My filter includes a check if the kernel is complete (ie not missing data at the edge of the image).我的过滤器包括检查 kernel 是否完整(即没有丢失图像边缘的数据)。 In that case a NaN is returned to prevent a potential bias (and I don't really care about the edges).在那种情况下,返回 NaN 以防止潜在的偏差(而且我并不真正关心边缘)。 I now realized, that this introduces not only NaNs at the edges of the image (expected behaviour), but also along the edges of each chunk, because the chunks don't overlap.我现在意识到,这不仅在图像边缘引入了 NaN(预期行为),而且还沿着每个块的边缘引入了 NaN,因为块不重叠。 dask
provides options to create chunks with an overlap , but are there any comparable capabilities in xarray
? dask
提供了创建具有重叠的块的选项,但是xarray
中是否有任何类似的功能? I found this issue , but it doesn't seem like there has been any progress in this regard.我发现了这个问题,但在这方面似乎没有任何进展。
Some sample code (shortened version of my original code):一些示例代码(我的原始代码的简化版本):
import numpy as np
import numba
import math
import xarray as xr
@numba.jit("f4[:,:](f4[:,:],i4)", nopython = True)
def water_anomaly_filter(input_arr, window_size = 9):
# check if window size is odd
if window_size%2 == 0:
raise ValueError("Window size must be odd!")
# prepare an output array with NaNs and the same dtype as the input
output_arr = np.zeros_like(input_arr)
output_arr[:] = np.nan
# calculate how many pixels in x and y direction around the center pixel
# are in the kernel
pix_dist = math.floor(window_size/2-0.5)
# create a dummy weight matrix
weights = np.ones((window_size, window_size))

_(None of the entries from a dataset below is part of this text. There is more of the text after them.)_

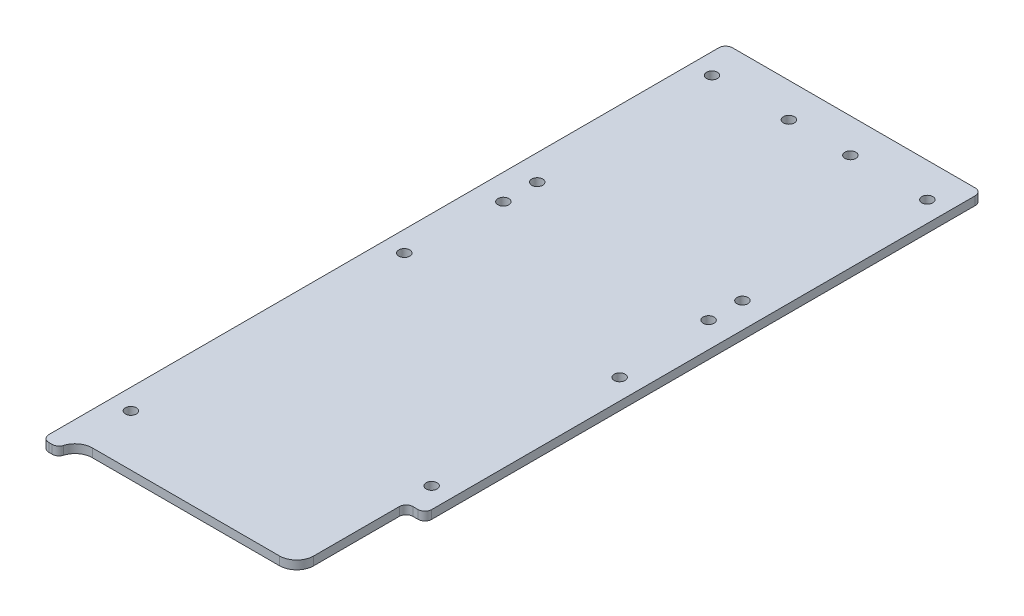
SolidWorks part; units mm, degrees
ref_plane "Front Plane" through (0, 0, 0) normal (0, 0, 1) x (1, 0, 0)
ref_plane "Top Plane" through (0, 0, 0) normal (0, 1, 0) x (1, 0, 0)
ref_plane "Right Plane" through (0, 0, 0) normal (1, 0, 0) x (0, 0, -1)
sketch "Sketch1" plane through (0, 0, 0) normal (0, 1, 0) x (1, 0, 0)
  line L0 (-39.9997, 0) -> (-39.9997, 114.3) construction
  line L1 (-47.625, 127) -> (47.625, 127)
  line L2 (-47.625, 127) -> (-47.625, -127)
  line L3 (-47.625, -127) -> (47.625, -127)
  line L4 (47.625, 127) -> (47.625, -127)
  line L5 (-47.625, 127) -> (47.625, -127) construction
  line L6 (-47.625, -127) -> (47.625, 127) construction
  line L7 (0, 0) -> (0, 127) construction
  line L8 (-39.9997, 0) -> (-39.9997, -101.6) construction
  line L9 (-39.9997, 0) -> (0, 0) construction
  line L10 (-41.275, -127) -> (-41.275, -120.65)
  line L11 (-41.275, -120.65) -> (41.275, -120.65)
  line L12 (41.275, -120.65) -> (41.275, -127)
  line L13 (-39.9997, 114.3) -> (-11.4247, 114.3) construction
  line L14 (39.9997, 114.3) -> (11.4247, 114.3) construction
  circle A0 centre (-39.9997, 114.3) radius 2.032
  circle A1 centre (-39.9997, 0) radius 2.032
  circle A2 centre (-39.9997, -101.6) radius 2.032
  circle A3 centre (39.9997, -101.6) radius 2.032
  circle A4 centre (39.9997, 0) radius 2.032
  circle A5 centre (39.9997, 114.3) radius 2.032
  circle A6 centre (-11.4247, 114.3) radius 2.032
  circle A7 centre (11.4247, 114.3) radius 2.032
  circle A8 centre (-39.9997, -69.85) radius 2.032
  circle A9 centre (39.9997, -69.85) radius 2.032
  point P0 (0, 0)
  dimension "D4" = 4.064
  dimension "D10" = 28.575
  dimension "D1" = 95.25
  dimension "D2" = 254
  dimension "D3" = 7.6253
  dimension "D5" = 12.7
  dimension "D6" = 25.4
  dimension "D7" = 6.35
  dimension "D8" = 6.35
  dimension "D9" = 6.35
  dimension "D11" = 69.85
extrude "Boss-Extrude1" add sketch "Sketch1" along normal blind 3.175 contours L4 L1 L2 L3 A4 A0 A1 A2 A3 A5 | A8 | A3 region at (0, 0, -2.6944) region at (39.9997, 0, 101.6) region at (-39.9997, 0, 69.85)
fillet "Fillet1" radius 2.54 4 edges at (-47.625, 1.5875, -127) (47.625, 1.5875, -127) (47.625, 1.5875, 127) (-47.625, 1.5875, 127)
fillet "Fillet2" radius 2.54 2 edges at (41.275, 1.5875, 127) (-41.275, 1.5875, 127)
fillet "Fillet3" radius 6.35 2 edges at (41.275, 1.5875, 120.65) (-41.275, 1.5875, 120.65)
sketch "Sketch2" plane through (0, 0, 0) normal (0, -1, 0) x (1, 0, 0)
  line L0 (41.9102, 131.8831) -> (41.9102, 109.8659) construction
  line L1 (41.9102, 109.8659) -> (41.9102, 106.3879) construction
  line L2 (41.9102, 83.271) -> (41.9102, 82.5325) construction
  line L3 (41.9102, 82.5325) -> (41.9102, 81.2514) construction
  line L4 (41.9102, 83.271) -> (41.9102, 106.3879) construction
  line L5 (41.9102, 131.8831) -> (41.9102, 109.8659)
  line L6 (41.9102, 109.8659) -> (41.9102, 106.3879)
  line L7 (41.9102, 83.271) -> (41.9102, 82.5325)
  line L8 (41.9102, 82.5325) -> (41.9102, 81.2514)
  line L9 (41.9102, 83.271) -> (41.9102, 106.3879)
  line L10 (41.9102, 81.2514) -> (47.625, 81.2514)
  line L11 (47.625, -124.46) -> (47.625, 124.46) construction
  line L12 (41.9102, 131.8831) -> (47.625, 131.8831)
  line L13 (47.625, 131.8831) -> (47.625, 81.2514)
  line L14 (40.6402, 79.9814) -> (48.895, 79.9814)
  line L15 (48.895, 133.1531) -> (48.895, 79.9814)
  line L16 (40.6402, 133.1531) -> (48.895, 133.1531)
  line L17 (40.6402, 133.1531) -> (40.6402, 109.8659)
  line L18 (40.6402, 109.8659) -> (40.6402, 106.3879)
  line L19 (40.6402, 83.271) -> (40.6402, 106.3879)
  line L20 (40.6402, 83.271) -> (40.6402, 82.5325)
  line L21 (40.6402, 82.5325) -> (40.6402, 79.9814)
  arc M7 (43.815, 127) -> (41.3809, 125.1857) centre (43.815, 124.46) ccw
  arc M8 (41.3809, 125.1857) -> (35.2956, 120.65) centre (35.2956, 127) cw
  line M18 (47.625, -124.46) -> (47.625, 124.46)
  dimension "D1" = 1.27
extrude "Cut-Extrude1" cut sketch "Sketch2" against normal through all contours L20 L21 L14 L10 L8 L7 L9 L19 M18 | L19 L9 L6 L5 L17 L18 M7 M8 | L13 L10 L8 L7 L9 L6 L5 L12 region at (41.6754, 0, 99.979)
fillet "Fillet4" radius 6.35 1 edges at (40.6402, 1.5875, 123.571)
fillet "Fillet5" radius 2.54 2 edges at (47.625, 1.5875, 79.9814) (40.6402, 1.5875, 79.9814)
sketch "Sketch3" plane through (0, 0, 0) normal (0, -1, 0) x (1, 0, 0)
  line L0 (-36.3103, -49.7791) -> (-39.9171, -49.7791) construction
  line L1 (-40.4251, -49.276) -> (-40.4251, -45.7043) construction
  line L2 (-35.8023, -45.7043) -> (-35.8023, -49.276) construction
  line L3 (-39.9171, -45.2013) -> (-36.3103, -45.2013) construction
  line L4 (-36.3103, -37.2027) -> (-39.9171, -37.2027) construction
  line L5 (-35.8023, -33.1279) -> (-35.8023, -36.6996) construction
  line L6 (-40.4251, -36.6996) -> (-40.4251, -33.1279) construction
  line L7 (-39.9171, -32.6249) -> (-36.3103, -32.6249) construction
  line L8 (36.2829, -32.6249) -> (39.8897, -32.6249) construction
  line L9 (40.3977, -33.1279) -> (40.3977, -36.6996) construction
  line L10 (39.8897, -37.2027) -> (36.2829, -37.2027) construction
  line L11 (35.7749, -36.6996) -> (35.7749, -33.1279) construction
  line L12 (36.2829, -45.2013) -> (39.8897, -45.2013) construction
  line L13 (35.7749, -49.276) -> (35.7749, -45.7043) construction
  line L14 (40.3977, -45.7043) -> (40.3977, -49.276) construction
  line L15 (39.8897, -49.7791) -> (36.2829, -49.7791) construction
  line L16 (-36.3103, -49.7791) -> (-39.9171, -49.7791)
  line L17 (-40.4251, -49.276) -> (-40.4251, -45.7043)
  line L18 (-35.8023, -45.7043) -> (-35.8023, -49.276)
  line L19 (-39.9171, -45.2013) -> (-36.3103, -45.2013)
  line L20 (-36.3103, -37.2027) -> (-39.9171, -37.2027)
  line L21 (-35.8023, -33.1279) -> (-35.8023, -36.6996)
  line L22 (-40.4251, -36.6996) -> (-40.4251, -33.1279)
  line L23 (-39.9171, -32.6249) -> (-36.3103, -32.6249)
  line L24 (36.2829, -32.6249) -> (39.8897, -32.6249)
  line L25 (40.3977, -33.1279) -> (40.3977, -36.6996)
  line L26 (39.8897, -37.2027) -> (36.2829, -37.2027)
  line L27 (35.7749, -36.6996) -> (35.7749, -33.1279)
  line L28 (36.2829, -45.2013) -> (39.8897, -45.2013)
  line L29 (35.7749, -49.276) -> (35.7749, -45.7043)
  line L30 (40.3977, -45.7043) -> (40.3977, -49.276)
  line L31 (39.8897, -49.7791) -> (36.2829, -49.7791)
  line L32 (-47.625, -25.836) -> (47.625, -25.836)
  line L33 (-47.625, -124.46) -> (-47.625, 124.46) construction
  line L34 (47.625, -124.46) -> (47.625, 77.4414) construction
  line L35 (0, -25.836) -> (0, -56.0686) construction
  line L38 (134.3604, -51.414) -> (184.1363, -51.414)
  line L39 (184.1363, -51.414) -> (184.1363, -43.4909)
  line L40 (184.1363, -43.4909) -> (182.3329, -43.4909)
  line L41 (181.8249, -42.9878) -> (181.8249, -39.4161)
  line L42 (182.3329, -38.9131) -> (184.1363, -38.9131)
  line L43 (184.1363, -38.9131) -> (184.1363, -30.9899)
  line L44 (184.1363, -30.9899) -> (134.3604, -30.9899)
  line L45 (134.3604, -30.9899) -> (133.3363, -32.0042)
  line L46 (133.3363, -32.0042) -> (132.3121, -30.9899)
  line L47 (132.3121, -30.9899) -> (70.8604, -30.9899)
  line L48 (70.8604, -30.9899) -> (69.8363, -32.0042)
  line L49 (69.8363, -32.0042) -> (68.8121, -30.9899)
  line L50 (68.8121, -30.9899) -> (7.3604, -30.9899)
  line L51 (7.3604, -30.9899) -> (6.3363, -32.0042)
  line L52 (6.3363, -32.0042) -> (5.3121, -30.9899)
  line L53 (5.3121, -30.9899) -> (-56.1396, -30.9899)
  line L54 (-56.1396, -30.9899) -> (-57.1637, -32.0042)
  line L55 (-57.1637, -32.0042) -> (-58.1879, -30.9899)
  line L56 (-58.1879, -30.9899) -> (-119.6396, -30.9899)
  line L57 (-119.6396, -30.9899) -> (-120.6637, -32.0042)
  line L58 (-120.6637, -32.0042) -> (-121.6879, -30.9899)
  line L59 (-121.6879, -30.9899) -> (-184.1637, -30.9899)
  line L60 (-184.1637, -30.9899) -> (-184.1637, -51.414)
  line L61 (-184.1637, -51.414) -> (-121.6879, -51.414)
  line L62 (-121.6879, -51.414) -> (-120.6637, -50.3998)
  line L63 (-120.6637, -50.3998) -> (-119.6396, -51.414)
  line L64 (-119.6396, -51.414) -> (-58.1879, -51.414)
  line L65 (-58.1879, -51.414) -> (-57.1637, -50.3998)
  line L66 (-57.1637, -50.3998) -> (-56.1396, -51.414)
  line L67 (-56.1396, -51.414) -> (5.3121, -51.414)
  line L68 (5.3121, -51.414) -> (6.3363, -50.3998)
  line L69 (6.3363, -50.3998) -> (7.3604, -51.414)
  line L70 (7.3604, -51.414) -> (68.8121, -51.414)
  line L71 (68.8121, -51.414) -> (69.8363, -50.3998)
  line L72 (69.8363, -50.3998) -> (70.8604, -51.414)
  line L73 (70.8604, -51.414) -> (132.3121, -51.414)
  line L74 (132.3121, -51.414) -> (133.3363, -50.3998)
  line L75 (133.3363, -50.3998) -> (134.3604, -51.414)
  line L76 (134.3604, -51.414) -> (184.1363, -51.414)
  line L77 (184.1363, -51.414) -> (184.1363, -43.4909)
  line L78 (184.1363, -43.4909) -> (182.3329, -43.4909)
  line L79 (181.8249, -42.9878) -> (181.8249, -39.4161)
  line L80 (182.3329, -38.9131) -> (184.1363, -38.9131)
  line L81 (184.1363, -38.9131) -> (184.1363, -30.9899)
  line L82 (184.1363, -30.9899) -> (134.3604, -30.9899)
  line L83 (134.3604, -30.9899) -> (133.3363, -32.0042)
  line L84 (133.3363, -32.0042) -> (132.3121, -30.9899)
  line L85 (132.3121, -30.9899) -> (70.8604, -30.9899)
  line L86 (70.8604, -30.9899) -> (69.8363, -32.0042)
  line L87 (69.8363, -32.0042) -> (68.8121, -30.9899)
  line L88 (68.8121, -30.9899) -> (7.3604, -30.9899)
  line L89 (7.3604, -30.9899) -> (6.3363, -32.0042)
  line L90 (6.3363, -32.0042) -> (5.3121, -30.9899)
  line L91 (5.3121, -30.9899) -> (-56.1396, -30.9899)
  line L92 (-56.1396, -30.9899) -> (-57.1637, -32.0042)
  line L93 (-57.1637, -32.0042) -> (-58.1879, -30.9899)
  line L94 (-58.1879, -30.9899) -> (-119.6396, -30.9899)
  line L95 (-119.6396, -30.9899) -> (-120.6637, -32.0042)
  line L96 (-120.6637, -32.0042) -> (-121.6879, -30.9899)
  line L97 (-121.6879, -30.9899) -> (-184.1637, -30.9899)
  line L98 (-184.1637, -30.9899) -> (-184.1637, -51.414)
  line L99 (-184.1637, -51.414) -> (-121.6879, -51.414)
  line L100 (-121.6879, -51.414) -> (-120.6637, -50.3998)
  line L101 (-120.6637, -50.3998) -> (-119.6396, -51.414)
  line L102 (-119.6396, -51.414) -> (-58.1879, -51.414)
  line L103 (-58.1879, -51.414) -> (-57.1637, -50.3998)
  line L104 (-57.1637, -50.3998) -> (-56.1396, -51.414)
  line L105 (-56.1396, -51.414) -> (5.3121, -51.414)
  line L106 (5.3121, -51.414) -> (6.3363, -50.3998)
  line L107 (6.3363, -50.3998) -> (7.3604, -51.414)
  line L108 (7.3604, -51.414) -> (68.8121, -51.414)
  line L109 (68.8121, -51.414) -> (69.8363, -50.3998)
  line L110 (69.8363, -50.3998) -> (70.8604, -51.414)
  line L111 (70.8604, -51.414) -> (132.3121, -51.414)
  line L112 (132.3121, -51.414) -> (133.3363, -50.3998)
  line L113 (133.3363, -50.3998) -> (134.3604, -51.414)
  line L1362 (-40.4251, -34.9138) -> (-35.8023, -34.9138)
  line L1857 (-38.1137, -32.6249) -> (-38.1137, -37.2027)
  line L1858 (-38.1137, -45.2013) -> (-38.1137, -49.7791)
  line L1859 (-40.4251, -47.4902) -> (-35.8023, -47.4902)
  circle A0 centre (-38.1137, -34.9138) radius 2.032
  circle A1 centre (-38.1137, -47.4902) radius 2.032
  circle A2 centre (38.1137, -47.4902) radius 2.032
  circle A3 centre (38.1137, -34.9138) radius 2.032
  ellipse E0 centre (-39.9171, -45.7043) end of major axis (-39.4091, -45.7043) minor radius 0.5031 (-39.9171, -45.2013) -> (-40.4251, -45.7043) ccw construction
  ellipse E1 centre (-39.9171, -49.276) end of major axis (-39.4091, -49.276) minor radius 0.5031 (-40.4251, -49.276) -> (-39.9171, -49.7791) ccw construction
  ellipse E2 centre (182.3329, -42.9878) end of major axis (182.8409, -42.9878) minor radius 0.5031 (181.8249, -42.9878) -> (182.3329, -43.4909) ccw
  ellipse E3 centre (182.3329, -39.4161) end of major axis (182.8409, -39.4161) minor radius 0.5031 (182.3329, -38.9131) -> (181.8249, -39.4161) ccw
  ellipse E4 centre (182.3329, -42.9878) end of major axis (182.8409, -42.9878) minor radius 0.5031 (181.8249, -42.9878) -> (182.3329, -43.4909) ccw
  ellipse E5 centre (182.3329, -39.4161) end of major axis (182.8409, -39.4161) minor radius 0.5031 (182.3329, -38.9131) -> (181.8249, -39.4161) ccw
  ellipse E6 centre (-36.3103, -49.276) end of major axis (-35.8023, -49.276) minor radius 0.5031 (-36.3103, -49.7791) -> (-35.8023, -49.276) ccw construction
  ellipse E7 centre (-36.3103, -45.7043) end of major axis (-35.8023, -45.7043) minor radius 0.5031 (-35.8023, -45.7043) -> (-36.3103, -45.2013) ccw construction
  ellipse E8 centre (-39.9171, -36.6996) end of major axis (-39.4091, -36.6996) minor radius 0.5031 (-40.4251, -36.6996) -> (-39.9171, -37.2027) ccw construction
  ellipse E9 centre (-36.3103, -36.6996) end of major axis (-35.8023, -36.6996) minor radius 0.5031 (-36.3103, -37.2027) -> (-35.8023, -36.6996) ccw construction
  ellipse E10 centre (-36.3103, -33.1279) end of major axis (-35.8023, -33.1279) minor radius 0.5031 (-35.8023, -33.1279) -> (-36.3103, -32.6249) ccw construction
  ellipse E11 centre (-39.9171, -33.1279) end of major axis (-39.4091, -33.1279) minor radius 0.5031 (-39.9171, -32.6249) -> (-40.4251, -33.1279) ccw construction
  ellipse E12 centre (39.8897, -33.1279) end of major axis (40.3977, -33.1279) minor radius 0.5031 (40.3977, -33.1279) -> (39.8897, -32.6249) ccw construction
  ellipse E13 centre (36.2829, -33.1279) end of major axis (36.7909, -33.1279) minor radius 0.5031 (36.2829, -32.6249) -> (35.7749, -33.1279) ccw construction
  ellipse E14 centre (39.8897, -36.6996) end of major axis (40.3977, -36.6996) minor radius 0.5031 (39.8897, -37.2027) -> (40.3977, -36.6996) ccw construction
  ellipse E15 centre (36.2829, -36.6996) end of major axis (36.7909, -36.6996) minor radius 0.5031 (35.7749, -36.6996) -> (36.2829, -37.2027) ccw construction
  ellipse E16 centre (36.2829, -45.7043) end of major axis (36.7909, -45.7043) minor radius 0.5031 (36.2829, -45.2013) -> (35.7749, -45.7043) ccw construction
  ellipse E17 centre (36.2829, -49.276) end of major axis (36.7909, -49.276) minor radius 0.5031 (35.7749, -49.276) -> (36.2829, -49.7791) ccw construction
  ellipse E18 centre (39.8897, -45.7043) end of major axis (40.3977, -45.7043) minor radius 0.5031 (40.3977, -45.7043) -> (39.8897, -45.2013) ccw construction
  ellipse E19 centre (39.8897, -49.276) end of major axis (40.3977, -49.276) minor radius 0.5031 (39.8897, -49.7791) -> (40.3977, -49.276) ccw construction
  ellipse E20 centre (-39.9171, -45.7043) end of major axis (-39.4091, -45.7043) minor radius 0.5031 (-39.9171, -45.2013) -> (-40.4251, -45.7043) ccw
  ellipse E21 centre (-39.9171, -49.276) end of major axis (-39.4091, -49.276) minor radius 0.5031 (-40.4251, -49.276) -> (-39.9171, -49.7791) ccw
  ellipse E22 centre (-36.3103, -49.276) end of major axis (-35.8023, -49.276) minor radius 0.5031 (-36.3103, -49.7791) -> (-35.8023, -49.276) ccw
  ellipse E23 centre (-36.3103, -45.7043) end of major axis (-35.8023, -45.7043) minor radius 0.5031 (-35.8023, -45.7043) -> (-36.3103, -45.2013) ccw
  ellipse E24 centre (-39.9171, -36.6996) end of major axis (-39.4091, -36.6996) minor radius 0.5031 (-40.4251, -36.6996) -> (-39.9171, -37.2027) ccw
  ellipse E25 centre (-36.3103, -36.6996) end of major axis (-35.8023, -36.6996) minor radius 0.5031 (-36.3103, -37.2027) -> (-35.8023, -36.6996) ccw
  ellipse E26 centre (-36.3103, -33.1279) end of major axis (-35.8023, -33.1279) minor radius 0.5031 (-35.8023, -33.1279) -> (-36.3103, -32.6249) ccw
  ellipse E27 centre (-39.9171, -33.1279) end of major axis (-39.4091, -33.1279) minor radius 0.5031 (-39.9171, -32.6249) -> (-40.4251, -33.1279) ccw
  ellipse E28 centre (39.8897, -33.1279) end of major axis (40.3977, -33.1279) minor radius 0.5031 (40.3977, -33.1279) -> (39.8897, -32.6249) ccw
  ellipse E29 centre (36.2829, -33.1279) end of major axis (36.7909, -33.1279) minor radius 0.5031 (36.2829, -32.6249) -> (35.7749, -33.1279) ccw
  ellipse E30 centre (39.8897, -36.6996) end of major axis (40.3977, -36.6996) minor radius 0.5031 (39.8897, -37.2027) -> (40.3977, -36.6996) ccw
  ellipse E31 centre (36.2829, -36.6996) end of major axis (36.7909, -36.6996) minor radius 0.5031 (35.7749, -36.6996) -> (36.2829, -37.2027) ccw
  ellipse E32 centre (36.2829, -45.7043) end of major axis (36.7909, -45.7043) minor radius 0.5031 (36.2829, -45.2013) -> (35.7749, -45.7043) ccw
  ellipse E33 centre (36.2829, -49.276) end of major axis (36.7909, -49.276) minor radius 0.5031 (35.7749, -49.276) -> (36.2829, -49.7791) ccw
  ellipse E34 centre (39.8897, -45.7043) end of major axis (40.3977, -45.7043) minor radius 0.5031 (40.3977, -45.7043) -> (39.8897, -45.2013) ccw
  ellipse E35 centre (39.8897, -49.276) end of major axis (40.3977, -49.276) minor radius 0.5031 (39.8897, -49.7791) -> (40.3977, -49.276) ccw
  dimension "D2" = 4.064
  dimension "D1" = 0
extrude "Cut-Extrude2" cut sketch "Sketch3" against normal through all contours A0 | A1 | A2 | A3

# get the shape of the input array
xn,yn = input_arr.shape
# iterate over the x axis
for x in range(xn):
# determine limits of the kernel in x direction
xmin = max(0, x - pix_dist)
xmax = min(xn, x + pix_dist+1)
# iterate over the y axis
for y in range(yn):
# determine limits of the kernel in y direction
ymin = max(0, y - pix_dist)
ymax = min(yn, y + pix_dist+1)
# extract data values inside the kernel
kernel = input_arr[xmin:xmax, ymin:ymax]
# if the kernel is complete (i.e. not at image edge...) and it
# is not all NaN
if kernel.shape == weights.shape and not np.isnan(kernel).all():
# apply the filter. In this example simply keep the original
# value
output_arr[x,y] = input_arr[x,y]
return output_arr
def run_water_anomaly_filter_xr(xds, var_prefix = "band",
window_size = 9):
variables = [x for x in list(xds.variables) if x.startswith(var_prefix)]
for var in variables[:2]:
xds[var].values = water_anomaly_filter(xds[var].values,
window_size = window_size)
return xds
def create_test_nc():
data = np.random.randn(1000, 1000).astype(np.float32)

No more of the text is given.